[EXERCISE MATERIAL — start]

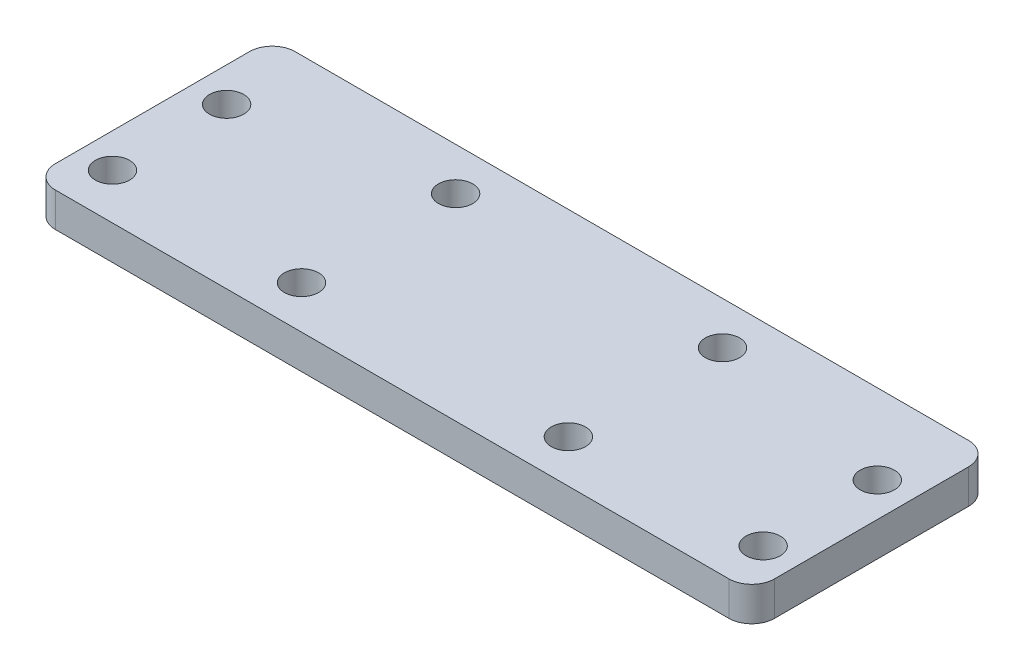
SolidWorks part; units mm, degrees
material "A-玻璃纤维"
ref_plane "前视基准面" through (0, 0, 0) normal (0, 0, 1) x (1, 0, 0)
ref_plane "上视基准面" through (0, 0, 0) normal (0, 1, 0) x (1, 0, 0)
ref_plane "右视基准面" through (0, 0, 0) normal (1, 0, 0) x (0, 0, -1)
other "Configuration Table"
sketch "草图1" plane through (0, 0, 0) normal (0, 1, 0) x (1, 0, 0)
  line L1 (-31.5, -10.5) -> (31.5, -10.5)
  line L2 (-31.5, -10.5) -> (-31.5, 10.5)
  line L3 (-31.5, 10.5) -> (31.5, 10.5)
  line L4 (31.5, -10.5) -> (31.5, 10.5)
  line L5 (-31.5, -10.5) -> (31.5, 10.5) construction
  line L6 (-31.5, 10.5) -> (31.5, -10.5) construction
  line L7 (-11.69, 6.75) -> (11.69, 6.75) construction
  line L8 (-11.69, 6.75) -> (-11.69, -6.75) construction
  line L9 (-11.69, -6.75) -> (11.69, -6.75) construction
  line L10 (11.69, 6.75) -> (11.69, -6.75) construction
  line L11 (-11.69, 6.75) -> (11.69, -6.75) construction
  line L12 (-11.69, -6.75) -> (11.69, 6.75) construction
  circle A0 centre (-11.69, 6.75) radius 1.5
  circle A1 centre (11.69, 6.75) radius 1.5
  circle A2 centre (11.69, -6.75) radius 1.5
  circle A3 centre (-11.69, -6.75) radius 1.5
  point P0 (0, 0)
  point P6 (0, 0)
  dimension "D5" = 3
  dimension "D1" = 21
  dimension "D2" = 63
  dimension "D3" = 13.5
  dimension "D4" = 23.38
extrude "凸台-拉伸1" add sketch "草图1" along normal blind 3
fillet "圆角1" radius 2 4 edges at (-31.5, 1.5, 10.5) (-31.5, 1.5, -10.5) (31.5, 1.5, -10.5) (31.5, 1.5, 10.5)
sketch "草图3" plane through (0, 3, 0) normal (0, 1, 0) x (1, 0, 0)
  line L0 (-31.5, 8.5) -> (-31.5, -8.5) construction
  line L1 (-29.5, -10.5) -> (29.5, -10.5) construction
  line L2 (-28.5, 3.5) -> (-28.5, -6.5) construction
  line L3 (0, -10.5) -> (0, 10.5) construction
  line L4 (29.5, 10.5) -> (-29.5, 10.5) construction
  circle A0 centre (-28.5, -6.5) radius 1.5
  circle A1 centre (-28.5, 3.5) radius 1.5
  circle A2 centre (28.5, -6.5) radius 1.5
  circle A3 centre (28.5, 3.5) radius 1.5
  point P14 (0, 0)
  dimension "D2" = 3
  dimension "D1" = 10
  dimension "D3" = 3
  dimension "D4" = 4
extrude "切除-拉伸2" cut sketch "草图3" against normal through all
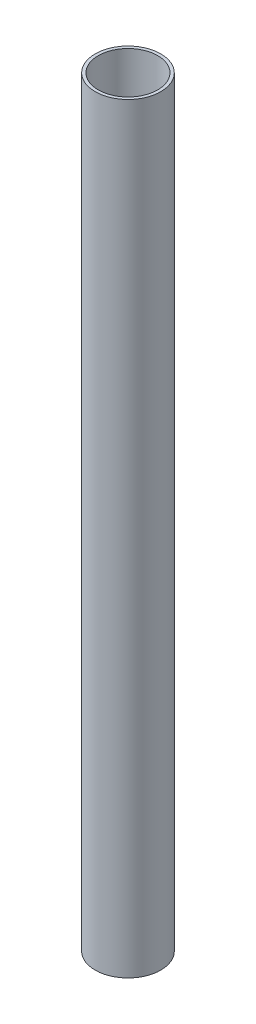
SolidWorks part; units mm, degrees
ref_plane "Front Plane" through (0, 0, 0) normal (0, 0, 1) x (1, 0, 0)
ref_plane "Top Plane" through (0, 0, 0) normal (0, 1, 0) x (1, 0, 0)
ref_plane "Right Plane" through (0, 0, 0) normal (1, 0, 0) x (0, 0, -1)
sketch "Sketch1" plane through (0, 0, 0) normal (0, 1, 0) x (1, 0, 0)
  circle A0 centre (0, 0) radius 0.56
  circle A1 centre (0, 0) radius 0.508
extrude "Boss-Extrude1" add sketch "Sketch1" along normal blind 13

[EXERCISE MATERIAL — finish]

**WHAT NEEDS TO BE DONE**
Transcribe every record above exactly, leaving out the pictures.

**RESPONSE**
SolidWorks part; units mm, degrees
material "A-玻璃纤维"
ref_plane "前视基准面" through (0, 0, 0) normal (0, 0, 1) x (1, 0, 0)
ref_plane "上视基准面" through (0, 0, 0) normal (0, 1, 0) x (1, 0, 0)
ref_plane "右视基准面" through (0, 0, 0) normal (1, 0, 0) x (0, 0, -1)
other "Configuration Table"
sketch "草图1" plane through (0, 0, 0) normal (0, 1, 0) x (1, 0, 0)
  line L1 (-31.5, -10.5) -> (31.5, -10.5)
  line L2 (-31.5, -10.5) -> (-31.5, 10.5)
  line L3 (-31.5, 10.5) -> (31.5, 10.5)
  line L4 (31.5, -10.5) -> (31.5, 10.5)
  line L5 (-31.5, -10.5) -> (31.5, 10.5) construction
  line L6 (-31.5, 10.5) -> (31.5, -10.5) construction
  line L7 (-11.69, 6.75) -> (11.69, 6.75) construction
  line L8 (-11.69, 6.75) -> (-11.69, -6.75) construction
  line L9 (-11.69, -6.75) -> (11.69, -6.75) construction
  line L10 (11.69, 6.75) -> (11.69, -6.75) construction
  line L11 (-11.69, 6.75) -> (11.69, -6.75) construction
  line L12 (-11.69, -6.75) -> (11.69, 6.75) construction
  circle A0 centre (-11.69, 6.75) radius 1.5
  circle A1 centre (11.69, 6.75) radius 1.5
  circle A2 centre (11.69, -6.75) radius 1.5
  circle A3 centre (-11.69, -6.75) radius 1.5
  point P0 (0, 0)
  point P6 (0, 0)
  dimension "D5" = 3
  dimension "D1" = 21
  dimension "D2" = 63
  dimension "D3" = 13.5
  dimension "D4" = 23.38
extrude "凸台-拉伸1" add sketch "草图1" along normal blind 3
fillet "圆角1" radius 2 4 edges at (-31.5, 1.5, 10.5) (-31.5, 1.5, -10.5) (31.5, 1.5, -10.5) (31.5, 1.5, 10.5)
sketch "草图3" plane through (0, 3, 0) normal (0, 1, 0) x (1, 0, 0)
  line L0 (-31.5, 8.5) -> (-31.5, -8.5) construction
  line L1 (-29.5, -10.5) -> (29.5, -10.5) construction
  line L2 (-28.5, 3.5) -> (-28.5, -6.5) construction
  line L3 (0, -10.5) -> (0, 10.5) construction
  line L4 (29.5, 10.5) -> (-29.5, 10.5) construction
  circle A0 centre (-28.5, -6.5) radius 1.5
  circle A1 centre (-28.5, 3.5) radius 1.5
  circle A2 centre (28.5, -6.5) radius 1.5
  circle A3 centre (28.5, 3.5) radius 1.5
  point P14 (0, 0)
  dimension "D2" = 3
  dimension "D1" = 10
  dimension "D3" = 3
  dimension "D4" = 4
extrude "切除-拉伸2" cut sketch "草图3" against normal through all
SolidWorks part; units mm, degrees
ref_plane "Front Plane" through (0, 0, 0) normal (0, 0, 1) x (1, 0, 0)
ref_plane "Top Plane" through (0, 0, 0) normal (0, 1, 0) x (1, 0, 0)
ref_plane "Right Plane" through (0, 0, 0) normal (1, 0, 0) x (0, 0, -1)
sketch "Sketch1" plane through (0, 0, 0) normal (0, 1, 0) x (1, 0, 0)
  circle A0 centre (0, 0) radius 0.56
  circle A1 centre (0, 0) radius 0.508
extrude "Boss-Extrude1" add sketch "Sketch1" along normal blind 13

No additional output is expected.